Observo que el personal de este centro (y otros a los que he acudido), en general tiende a hablar a los visitantes como si fueran niños pequeños, especialmente cuando se trata de personas mayores. Me atrevería a decir que cuanto más mayores son los «pacientes» más se agudiza el tono y se aumenta (exageradamente) la intensidad. Para el espectador, en este caso servidora, da la sensación que chillan para que les entiendan, como si ser mayor implicase automáticamente estar sordo.

 

Me toca. Mi nombre real y primer apellido (que nadie en aquella consulta reconoce, por suerte) resuena tambíen tres bloques más allá.

Entro en la consulta y compruebo con satisfacción que lo primero que hace la doctora que me atiende es mirarme a los ojos. Recibo un saludo amable, fruto de un automatismo instaurado.

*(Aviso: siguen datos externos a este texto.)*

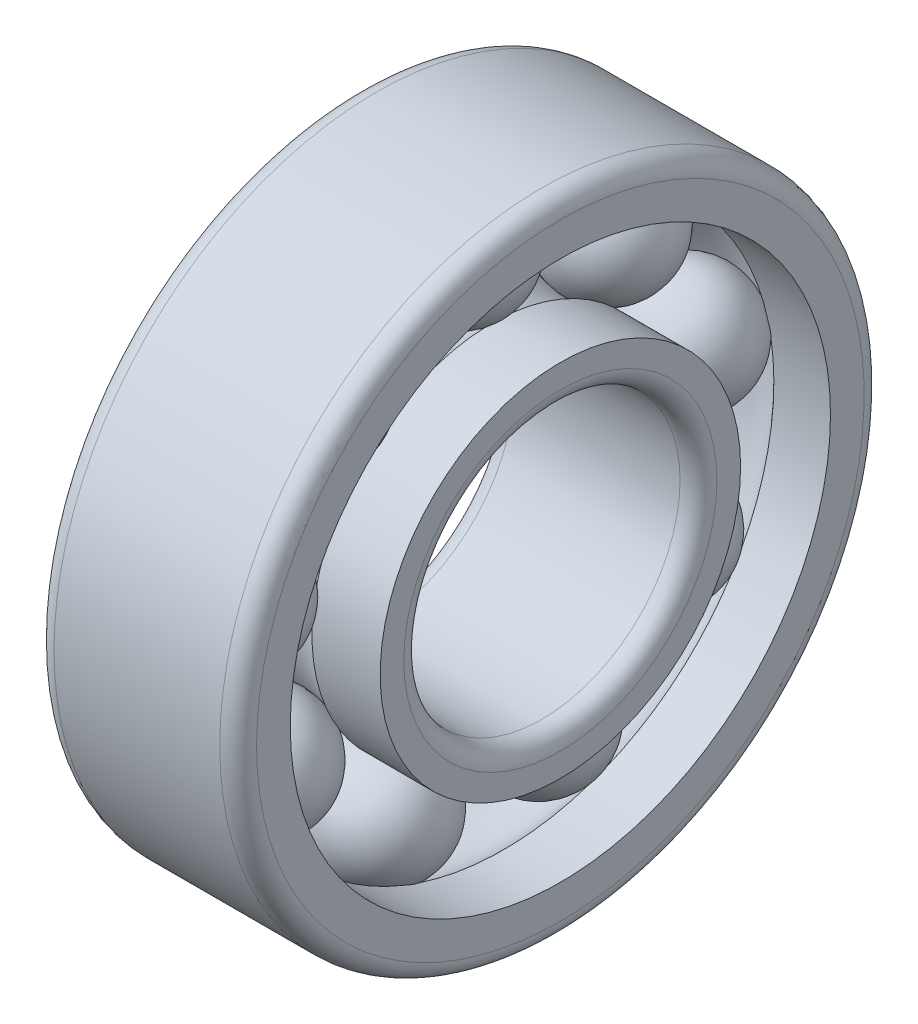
ISO-10303-21;
HEADER;
FILE_DESCRIPTION(('STEP AP214'),'2;1');
FILE_NAME('part.step','',(''),(''),'','','');
FILE_SCHEMA(('AUTOMOTIVE_DESIGN { 1 0 10303 214 1 1 1 1 }'));
ENDSEC;
DATA;
#1=APPLICATION_CONTEXT('core data for automotive mechanical design processes');
#2=APPLICATION_PROTOCOL_DEFINITION('international standard','automotive_design',2000,#1);
#3=PRODUCT_CONTEXT('',#1,'mechanical');
#4=PRODUCT('Part','Part','',(#3));
#5=PRODUCT_RELATED_PRODUCT_CATEGORY('part','',(#4));
#6=PRODUCT_DEFINITION_FORMATION('','',#4);
#7=PRODUCT_DEFINITION_CONTEXT('part definition',#1,'design');
#8=PRODUCT_DEFINITION('design','',#6,#7);
#9=PRODUCT_DEFINITION_SHAPE('','',#8);
#10=(LENGTH_UNIT() NAMED_UNIT(*) SI_UNIT(.MILLI.,.METRE.));
#11=(NAMED_UNIT(*) PLANE_ANGLE_UNIT() SI_UNIT($,.RADIAN.));
#12=(NAMED_UNIT(*) SI_UNIT($,.STERADIAN.) SOLID_ANGLE_UNIT());
#13=UNCERTAINTY_MEASURE_WITH_UNIT(LENGTH_MEASURE(1.E-05),#10,'distance_accuracy_value','');
#14=(GEOMETRIC_REPRESENTATION_CONTEXT(3) GLOBAL_UNCERTAINTY_ASSIGNED_CONTEXT((#13)) GLOBAL_UNIT_ASSIGNED_CONTEXT((#10,
#11,#12)) REPRESENTATION_CONTEXT('',''));
#15=CARTESIAN_POINT('',(0.,0.,0.));
#16=DIRECTION('',(0.,0.,1.));
#17=DIRECTION('',(1.,0.,0.));
#18=AXIS2_PLACEMENT_3D('',#15,#16,#17);
#19=CARTESIAN_POINT('',(0.,0.,0.));
#20=DIRECTION('',(1.,0.,0.));
#21=DIRECTION('',(0.,0.,-1.));
#22=AXIS2_PLACEMENT_3D('',#19,#20,#21);
#23=TOROIDAL_SURFACE('',#22,12.5,3.25443786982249);
#24=CARTESIAN_POINT('',(1.79915821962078,7.26326514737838,-6.56139488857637));
#25=CARTESIAN_POINT('',(1.7228976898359,7.22509448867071,-6.5281588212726));
#26=CARTESIAN_POINT('',(1.64449606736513,7.18936531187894,-6.49704390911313));
#27=CARTESIAN_POINT('',(1.48398656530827,7.12301536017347,-6.43925592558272));
#28=CARTESIAN_POINT('',(1.40187885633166,7.09239435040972,-6.41258265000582));
#29=CARTESIAN_POINT('',(1.23459110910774,7.03650437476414,-6.36389332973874));
#30=CARTESIAN_POINT('',(1.14941351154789,7.01123126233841,-6.34187367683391));
#31=CARTESIAN_POINT('',(0.976564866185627,6.96618504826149,-6.30262323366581));
#32=CARTESIAN_POINT('',(0.888893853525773,6.94641186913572,-6.2853923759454));
#33=CARTESIAN_POINT('',(0.622979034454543,6.89556007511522,-6.24107643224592));
#34=CARTESIAN_POINT('',(0.441751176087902,6.87292178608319,-6.22134408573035));
#35=CARTESIAN_POINT('',(0.0769136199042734,6.85092229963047,-6.20216859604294));
#36=CARTESIAN_POINT('',(-0.10669613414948,6.85156165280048,-6.202725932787));
#37=CARTESIAN_POINT('',(-0.47123513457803,6.87606009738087,-6.22407947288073));
#38=CARTESIAN_POINT('',(-0.65216340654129,6.8999274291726,-6.24488285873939));
#39=CARTESIAN_POINT('',(-1.0060567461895,6.970246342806,-6.30616301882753));
#40=CARTESIAN_POINT('',(-1.1790285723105,7.01667835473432,-6.34662274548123));
#41=CARTESIAN_POINT('',(-1.42435427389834,7.10066869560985,-6.41979028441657));
#42=CARTESIAN_POINT('',(-1.50178700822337,7.13005334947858,-6.44538606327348));
#43=CARTESIAN_POINT('',(-1.65315209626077,7.19332461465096,-6.50049188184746));
#44=CARTESIAN_POINT('',(-1.72709099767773,7.22720231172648,-6.5299941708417));
#45=CARTESIAN_POINT('',(-1.79915821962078,7.26326514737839,-6.56139488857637));
#46=B_SPLINE_CURVE_WITH_KNOTS('',3,(#24,#25,#26,#27,#28,#29,#30,#31,#32,#33,#34,#35,#36,#37,#38,
#39,#40,#41,#42,#43,#44,#45),.UNSPECIFIED.,.F.,.F.,(4,2,2,2,2,2,2,2,2,2,4),(0.,
0.274493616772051,0.548974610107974,0.823241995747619,1.09750551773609,1.64576611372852,
2.19403967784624,2.74250781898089,3.29050113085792,3.55032387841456,3.80963863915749),.UNSPECIFIED.);
#47=CARTESIAN_POINT('',(1.79895821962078,7.26316507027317,-6.56130774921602));
#48=VERTEX_POINT('',#47);
#49=CARTESIAN_POINT('',(-1.79895821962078,7.26316507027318,-6.56130774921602));
#50=VERTEX_POINT('',#49);
#51=EDGE_CURVE('E58',#48,#50,#46,.T.);
#52=ORIENTED_EDGE('',*,*,#51,.F.);
#53=CARTESIAN_POINT('',(1.79895821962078,0.,0.));
#54=DIRECTION('',(1.,0.,0.));
#55=DIRECTION('',(0.,0.,-1.));
#56=AXIS2_PLACEMENT_3D('',#53,#54,#55);
#57=CIRCLE('',#56,9.7879684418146);
#58=CARTESIAN_POINT('',(1.7989582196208,2.05067665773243,-9.57073933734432));
#59=VERTEX_POINT('',#58);
#60=EDGE_CURVE('E283',#59,#48,#57,.T.);
#61=ORIENTED_EDGE('',*,*,#60,.F.);
#62=CARTESIAN_POINT('',(-1.79915821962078,2.05070208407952,-9.57086957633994));
#63=CARTESIAN_POINT('',(-1.7228976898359,2.04100413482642,-9.52119478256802));
#64=CARTESIAN_POINT('',(-1.64449606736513,2.03192241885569,-9.47469495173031));
#65=CARTESIAN_POINT('',(-1.48398656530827,2.01505153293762,-9.3883402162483));
#66=CARTESIAN_POINT('',(-1.40187885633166,2.00726230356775,-9.34848500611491));
#67=CARTESIAN_POINT('',(-1.23459110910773,1.99304110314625,-9.2757382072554));
#68=CARTESIAN_POINT('',(-1.14941351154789,1.98660808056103,-9.24284122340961));
#69=CARTESIAN_POINT('',(-0.976564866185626,1.97513930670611,-9.18420483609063));
#70=CARTESIAN_POINT('',(-0.888893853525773,1.97010353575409,-9.15846533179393));
#71=CARTESIAN_POINT('',(-0.622979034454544,1.9571506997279,-9.09226841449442));
#72=CARTESIAN_POINT('',(-0.441751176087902,1.9513811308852,-9.06279690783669));
#73=CARTESIAN_POINT('',(-0.0769136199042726,1.94577441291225,-9.03415704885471));
#74=CARTESIAN_POINT('',(0.10669613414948,1.94593740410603,-9.03498941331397));
#75=CARTESIAN_POINT('',(0.47123513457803,1.95218088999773,-9.06688245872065));
#76=CARTESIAN_POINT('',(0.65216340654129,1.95826348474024,-9.09795386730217));
#77=CARTESIAN_POINT('',(1.0060567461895,1.97617420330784,-9.18949191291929));
#78=CARTESIAN_POINT('',(1.1790285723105,1.98799734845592,-9.24993307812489));
#79=CARTESIAN_POINT('',(1.42435427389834,2.00936712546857,-9.35925461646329));
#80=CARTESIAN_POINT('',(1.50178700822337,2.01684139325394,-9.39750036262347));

Tardo en sentarme porque me quito la chaqueta y descuelgo de mi espalda la mochila para dejarla en la silla de al lado.

 

Mientras lo hago, y como cortesía, le digo…

 

– «Disculpe un momento que me descargo» a lo que ella responde…

 

– «No se estrese, no se preocupe, esté tranquila, más faltaría, bastante ajetreados vamos ya todo el día».

 

En realidad, no me noto especialmente intranquila. Lo único que deseo, en ese momento, es ponerme cómoda antes de sentarme para explicarle el motivo de la consulta. Sus reiterados comentarios me hacen pensar que debo dar la impresión de mujer estresada porque la doctora insiste una y otra que me lo tome con la calma que necesite.

 

Cuando salgo de la visita, me detengo en el mostrador a pedir hora para la próxima cita. La persona que me atiende lo hace sin mirarme a los ojos. Observo que está muy enfocada en el ordenador, con el ceño fruncido, como si ocurriera algo realmente grave en la pantalla. Yo, por prudencia, no rompo el silencio, no quisiera interrumpir alguna acción importante.

 

Cuando finalmente me habla (sin mirarme a los ojos) percibo enfado, amargura y desinterés en el tono (grave), la intensidad (baja) y la velocidad (rápida).

 

Estas percepciones son, por supuesto, totalmente subjetivas.

 

La voz es energía sonora que actúa sobre las emociones de los demás. El tono y la intensidad de nuestra voz no pasan desapercibidos para el oído (y la piel) de quien recibe esa energía por vía perceptiva.

 

Recuerdo que en un curso de habilidades comunicativas propuse a los participantes un ejercicio realmente complicado. Una vez sentados uno frente al otro, a un metro y medio de distancia, debían mantener la mirada al compañero durante 5 minutos largos. La consigna era: mira al compañero y permite que aparezca en tu rostro lo que esté pasando por dentro. Pemítete escucharte y reflejar en el rostro lo que te sucede, lo que sientes, mientras mantienes fija la mirada en el compañero.

 

Pasaron un mal rato haciendo el ejercicio, os lo aseguro! En cambio, la experiencia resultó ser muy gratificante, según expresaron al terminar.

 

¿Os dáis cuenta de que prácticamente no nos miramos a los ojos? Hemos perdido la costumbre (y la capacidad) de mirarnos a los ojos y mantener la mirada en silencio. Este es el primer paso para tomar conciencia de uno mismo y de la presencia del interlocutor al que nos dirigiremos (o deberíamos hacerlo) con la energía acústica adecuada, aquella que aparece (de forma inconsciente) cuando hablamos desde la necesidad real de decir las cosas que decimos mientras miramos a los ojos de quien tenemos delante.

 

¡Que tengáis muy buen fin de semana!

 

Salud, paz y escucha atenta.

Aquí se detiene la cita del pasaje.